## Excerpted records
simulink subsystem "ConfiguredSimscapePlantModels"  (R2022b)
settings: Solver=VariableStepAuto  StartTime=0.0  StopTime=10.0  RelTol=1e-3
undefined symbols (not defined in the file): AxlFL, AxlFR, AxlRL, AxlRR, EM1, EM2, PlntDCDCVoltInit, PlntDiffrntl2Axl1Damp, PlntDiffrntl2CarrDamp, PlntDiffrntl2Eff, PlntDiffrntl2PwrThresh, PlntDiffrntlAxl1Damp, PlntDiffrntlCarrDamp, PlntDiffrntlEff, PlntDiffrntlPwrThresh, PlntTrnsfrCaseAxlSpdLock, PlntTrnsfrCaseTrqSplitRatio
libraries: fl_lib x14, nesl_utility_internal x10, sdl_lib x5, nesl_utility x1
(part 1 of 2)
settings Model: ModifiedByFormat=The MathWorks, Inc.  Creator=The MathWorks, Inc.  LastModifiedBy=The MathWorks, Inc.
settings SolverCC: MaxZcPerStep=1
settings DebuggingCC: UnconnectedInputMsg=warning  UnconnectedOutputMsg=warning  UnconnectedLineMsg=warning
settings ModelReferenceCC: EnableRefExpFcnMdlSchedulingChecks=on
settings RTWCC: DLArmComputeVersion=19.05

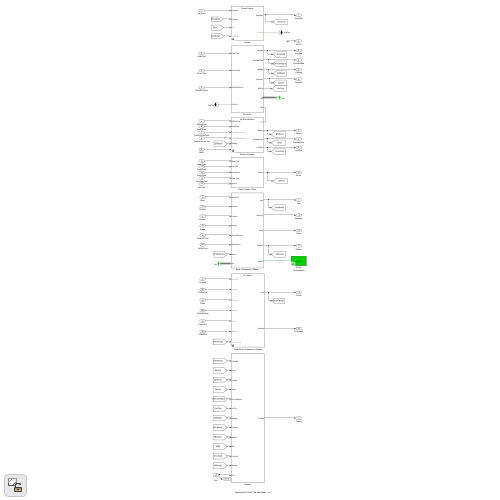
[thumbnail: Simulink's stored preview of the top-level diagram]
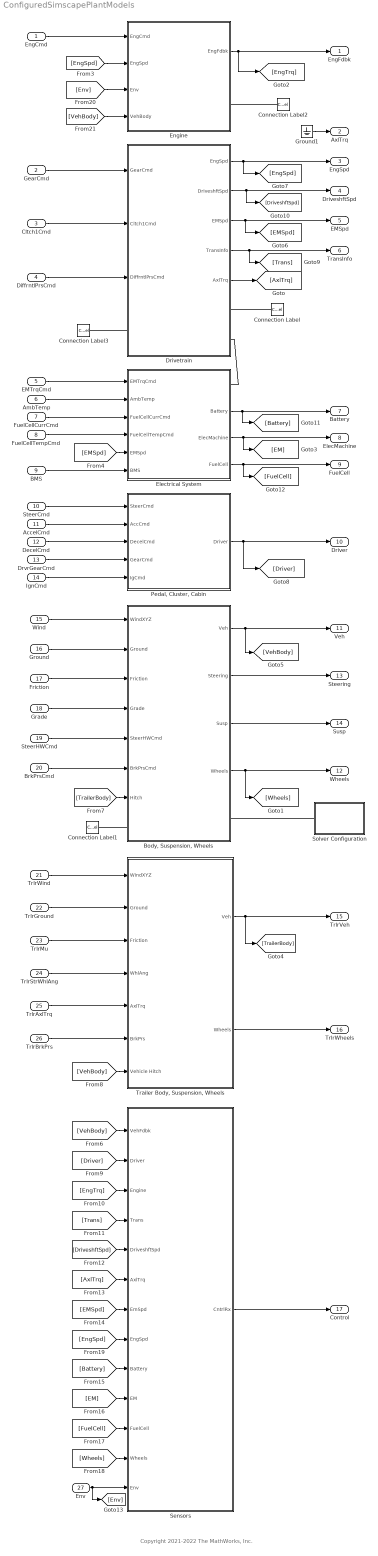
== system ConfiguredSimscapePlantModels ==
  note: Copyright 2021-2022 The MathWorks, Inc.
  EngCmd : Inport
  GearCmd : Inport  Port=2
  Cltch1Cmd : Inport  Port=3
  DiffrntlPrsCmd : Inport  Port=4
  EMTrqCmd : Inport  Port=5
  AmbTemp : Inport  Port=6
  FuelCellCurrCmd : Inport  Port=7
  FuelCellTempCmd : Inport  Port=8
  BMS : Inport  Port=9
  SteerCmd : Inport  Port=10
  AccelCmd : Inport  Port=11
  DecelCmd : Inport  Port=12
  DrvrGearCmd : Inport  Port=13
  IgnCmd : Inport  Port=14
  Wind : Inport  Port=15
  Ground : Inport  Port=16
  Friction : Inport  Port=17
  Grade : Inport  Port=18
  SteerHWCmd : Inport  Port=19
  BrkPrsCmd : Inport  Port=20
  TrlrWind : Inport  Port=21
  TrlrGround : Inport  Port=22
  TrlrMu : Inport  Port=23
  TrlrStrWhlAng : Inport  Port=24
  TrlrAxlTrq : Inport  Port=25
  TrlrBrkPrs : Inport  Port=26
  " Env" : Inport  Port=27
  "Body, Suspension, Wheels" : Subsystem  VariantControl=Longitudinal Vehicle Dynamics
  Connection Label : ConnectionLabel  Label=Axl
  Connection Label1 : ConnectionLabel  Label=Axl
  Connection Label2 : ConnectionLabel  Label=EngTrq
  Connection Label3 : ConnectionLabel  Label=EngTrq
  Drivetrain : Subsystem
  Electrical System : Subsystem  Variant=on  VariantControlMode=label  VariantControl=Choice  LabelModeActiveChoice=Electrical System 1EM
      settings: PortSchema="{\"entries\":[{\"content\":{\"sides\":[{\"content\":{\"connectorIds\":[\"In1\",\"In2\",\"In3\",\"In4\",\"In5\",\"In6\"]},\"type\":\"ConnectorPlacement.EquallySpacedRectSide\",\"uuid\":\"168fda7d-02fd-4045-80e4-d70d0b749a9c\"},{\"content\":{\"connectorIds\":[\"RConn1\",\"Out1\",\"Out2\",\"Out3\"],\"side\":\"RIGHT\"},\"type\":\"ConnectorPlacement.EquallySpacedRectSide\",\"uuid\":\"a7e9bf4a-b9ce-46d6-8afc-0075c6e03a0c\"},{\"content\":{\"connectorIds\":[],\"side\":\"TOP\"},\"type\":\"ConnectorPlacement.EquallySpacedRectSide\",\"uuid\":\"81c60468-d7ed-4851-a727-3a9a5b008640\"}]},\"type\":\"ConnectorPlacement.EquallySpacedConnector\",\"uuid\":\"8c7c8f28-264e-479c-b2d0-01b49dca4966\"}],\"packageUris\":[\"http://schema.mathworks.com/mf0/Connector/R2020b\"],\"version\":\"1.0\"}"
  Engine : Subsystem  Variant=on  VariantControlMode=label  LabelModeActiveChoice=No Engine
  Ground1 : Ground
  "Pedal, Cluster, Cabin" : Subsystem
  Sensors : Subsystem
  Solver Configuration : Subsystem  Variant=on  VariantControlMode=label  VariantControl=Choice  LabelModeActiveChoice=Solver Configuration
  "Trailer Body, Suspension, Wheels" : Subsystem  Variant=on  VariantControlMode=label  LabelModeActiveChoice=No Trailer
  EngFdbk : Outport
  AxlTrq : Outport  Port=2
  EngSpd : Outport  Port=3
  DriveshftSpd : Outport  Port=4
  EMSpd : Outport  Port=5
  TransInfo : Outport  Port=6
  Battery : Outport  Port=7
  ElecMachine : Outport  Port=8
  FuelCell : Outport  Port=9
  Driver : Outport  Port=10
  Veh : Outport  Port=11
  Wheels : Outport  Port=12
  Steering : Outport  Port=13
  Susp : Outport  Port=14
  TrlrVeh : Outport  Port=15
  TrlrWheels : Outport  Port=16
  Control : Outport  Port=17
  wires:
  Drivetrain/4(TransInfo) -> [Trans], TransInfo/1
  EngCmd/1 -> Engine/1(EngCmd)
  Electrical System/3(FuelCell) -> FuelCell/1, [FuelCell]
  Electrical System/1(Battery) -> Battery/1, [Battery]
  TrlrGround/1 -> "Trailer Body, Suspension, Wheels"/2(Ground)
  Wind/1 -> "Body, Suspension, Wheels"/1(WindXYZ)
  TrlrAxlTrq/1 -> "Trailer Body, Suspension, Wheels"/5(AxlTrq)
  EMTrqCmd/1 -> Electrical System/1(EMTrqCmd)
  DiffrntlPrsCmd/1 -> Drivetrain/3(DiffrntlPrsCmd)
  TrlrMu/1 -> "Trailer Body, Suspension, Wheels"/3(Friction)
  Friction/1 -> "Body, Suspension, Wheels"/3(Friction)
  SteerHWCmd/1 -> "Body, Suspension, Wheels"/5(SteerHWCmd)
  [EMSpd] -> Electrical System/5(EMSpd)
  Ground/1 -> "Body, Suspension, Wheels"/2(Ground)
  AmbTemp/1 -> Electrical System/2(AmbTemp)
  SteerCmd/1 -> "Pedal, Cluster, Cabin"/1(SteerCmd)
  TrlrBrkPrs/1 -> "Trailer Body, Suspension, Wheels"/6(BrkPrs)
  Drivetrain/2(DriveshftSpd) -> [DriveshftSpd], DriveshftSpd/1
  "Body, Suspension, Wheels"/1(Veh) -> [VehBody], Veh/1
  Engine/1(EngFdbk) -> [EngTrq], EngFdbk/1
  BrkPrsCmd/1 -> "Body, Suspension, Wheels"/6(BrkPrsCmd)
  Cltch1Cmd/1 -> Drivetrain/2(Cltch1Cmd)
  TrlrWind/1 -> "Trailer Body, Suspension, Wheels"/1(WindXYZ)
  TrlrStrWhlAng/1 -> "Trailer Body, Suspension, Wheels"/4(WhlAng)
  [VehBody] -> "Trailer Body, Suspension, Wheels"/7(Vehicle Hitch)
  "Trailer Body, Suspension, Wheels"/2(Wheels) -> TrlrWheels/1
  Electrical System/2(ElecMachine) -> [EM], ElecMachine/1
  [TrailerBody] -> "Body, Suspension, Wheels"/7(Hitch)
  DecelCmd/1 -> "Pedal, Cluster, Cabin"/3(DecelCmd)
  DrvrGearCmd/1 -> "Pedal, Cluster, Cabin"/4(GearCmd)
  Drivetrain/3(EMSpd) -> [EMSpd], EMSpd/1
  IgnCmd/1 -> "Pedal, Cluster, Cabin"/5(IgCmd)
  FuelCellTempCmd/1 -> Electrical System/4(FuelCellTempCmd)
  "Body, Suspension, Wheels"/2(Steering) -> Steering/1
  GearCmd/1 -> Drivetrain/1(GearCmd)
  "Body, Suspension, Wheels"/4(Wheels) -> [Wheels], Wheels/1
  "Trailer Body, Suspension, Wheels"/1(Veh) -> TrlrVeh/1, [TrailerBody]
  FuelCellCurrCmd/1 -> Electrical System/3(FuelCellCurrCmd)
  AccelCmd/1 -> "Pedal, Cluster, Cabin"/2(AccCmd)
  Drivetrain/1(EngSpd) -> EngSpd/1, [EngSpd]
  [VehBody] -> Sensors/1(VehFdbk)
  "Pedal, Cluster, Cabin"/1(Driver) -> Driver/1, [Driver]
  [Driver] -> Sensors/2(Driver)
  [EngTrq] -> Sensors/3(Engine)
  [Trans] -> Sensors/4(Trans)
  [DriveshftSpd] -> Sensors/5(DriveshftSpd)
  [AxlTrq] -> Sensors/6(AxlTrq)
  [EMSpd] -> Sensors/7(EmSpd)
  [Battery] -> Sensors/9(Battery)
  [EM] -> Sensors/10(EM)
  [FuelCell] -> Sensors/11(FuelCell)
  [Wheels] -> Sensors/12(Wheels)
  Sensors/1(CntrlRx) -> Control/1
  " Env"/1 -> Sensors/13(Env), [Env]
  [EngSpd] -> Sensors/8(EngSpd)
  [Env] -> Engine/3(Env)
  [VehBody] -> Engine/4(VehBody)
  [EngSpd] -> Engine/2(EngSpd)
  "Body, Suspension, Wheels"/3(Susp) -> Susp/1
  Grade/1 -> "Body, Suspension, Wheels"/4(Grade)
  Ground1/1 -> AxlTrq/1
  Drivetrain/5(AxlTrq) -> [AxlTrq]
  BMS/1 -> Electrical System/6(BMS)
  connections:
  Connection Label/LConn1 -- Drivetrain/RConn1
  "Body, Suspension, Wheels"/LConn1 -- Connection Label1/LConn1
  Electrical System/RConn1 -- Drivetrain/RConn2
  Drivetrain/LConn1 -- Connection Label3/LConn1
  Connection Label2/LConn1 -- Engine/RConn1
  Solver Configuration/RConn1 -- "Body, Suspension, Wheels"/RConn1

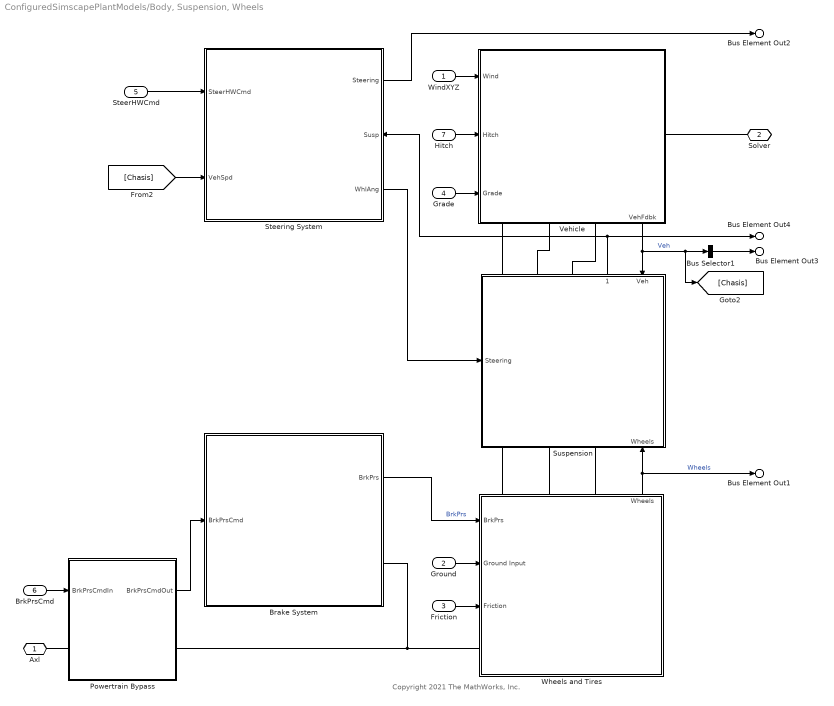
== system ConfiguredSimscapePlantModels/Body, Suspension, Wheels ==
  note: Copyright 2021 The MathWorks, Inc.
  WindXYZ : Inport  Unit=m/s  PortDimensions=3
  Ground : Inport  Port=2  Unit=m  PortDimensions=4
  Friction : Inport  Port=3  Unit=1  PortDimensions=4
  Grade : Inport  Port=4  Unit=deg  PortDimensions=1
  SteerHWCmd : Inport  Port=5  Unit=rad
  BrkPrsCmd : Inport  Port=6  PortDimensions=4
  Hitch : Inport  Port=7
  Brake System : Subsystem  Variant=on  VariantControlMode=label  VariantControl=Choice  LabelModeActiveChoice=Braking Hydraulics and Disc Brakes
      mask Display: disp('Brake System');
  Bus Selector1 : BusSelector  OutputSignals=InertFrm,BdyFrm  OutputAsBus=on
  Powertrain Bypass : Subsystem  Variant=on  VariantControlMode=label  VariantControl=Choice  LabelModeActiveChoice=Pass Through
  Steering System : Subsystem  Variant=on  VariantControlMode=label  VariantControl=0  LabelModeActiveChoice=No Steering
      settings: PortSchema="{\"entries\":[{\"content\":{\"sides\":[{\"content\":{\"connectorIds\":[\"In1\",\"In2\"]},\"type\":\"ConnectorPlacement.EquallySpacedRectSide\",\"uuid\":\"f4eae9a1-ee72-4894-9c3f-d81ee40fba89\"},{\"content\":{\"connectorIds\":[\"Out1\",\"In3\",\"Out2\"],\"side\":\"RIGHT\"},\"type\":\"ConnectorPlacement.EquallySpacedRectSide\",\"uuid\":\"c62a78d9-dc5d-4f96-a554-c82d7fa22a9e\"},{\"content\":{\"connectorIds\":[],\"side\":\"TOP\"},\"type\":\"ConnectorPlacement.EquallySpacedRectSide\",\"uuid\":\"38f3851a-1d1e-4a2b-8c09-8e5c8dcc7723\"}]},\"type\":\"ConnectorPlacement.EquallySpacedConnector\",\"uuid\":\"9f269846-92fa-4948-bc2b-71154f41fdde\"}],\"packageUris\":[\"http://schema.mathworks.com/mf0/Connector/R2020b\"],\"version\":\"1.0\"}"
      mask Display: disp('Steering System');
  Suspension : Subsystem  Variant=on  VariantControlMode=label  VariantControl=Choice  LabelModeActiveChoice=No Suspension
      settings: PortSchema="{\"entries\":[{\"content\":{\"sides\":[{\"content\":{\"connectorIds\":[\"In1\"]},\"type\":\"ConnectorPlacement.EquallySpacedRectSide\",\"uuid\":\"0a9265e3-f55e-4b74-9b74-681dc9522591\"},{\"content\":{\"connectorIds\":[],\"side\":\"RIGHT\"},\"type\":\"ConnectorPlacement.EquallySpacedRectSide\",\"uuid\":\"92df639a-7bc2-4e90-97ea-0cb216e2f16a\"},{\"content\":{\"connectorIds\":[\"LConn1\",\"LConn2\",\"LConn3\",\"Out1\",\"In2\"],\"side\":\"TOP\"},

## What you will do
Above are the records; repeat exactly the lines from the one holding "TrlrGround : Inport" down to the one holding "Electrical System : Subsystem", end lines included.

## Task solution
  TrlrGround : Inport  Port=22
  TrlrMu : Inport  Port=23
  TrlrStrWhlAng : Inport  Port=24
  TrlrAxlTrq : Inport  Port=25
  TrlrBrkPrs : Inport  Port=26
  " Env" : Inport  Port=27
  "Body, Suspension, Wheels" : Subsystem  VariantControl=Longitudinal Vehicle Dynamics
  Connection Label : ConnectionLabel  Label=Axl
  Connection Label1 : ConnectionLabel  Label=Axl
  Connection Label2 : ConnectionLabel  Label=EngTrq
  Connection Label3 : ConnectionLabel  Label=EngTrq
  Drivetrain : Subsystem
  Electrical System : Subsystem  Variant=on  VariantControlMode=label  VariantControl=Choice  LabelModeActiveChoice=Electrical System 1EM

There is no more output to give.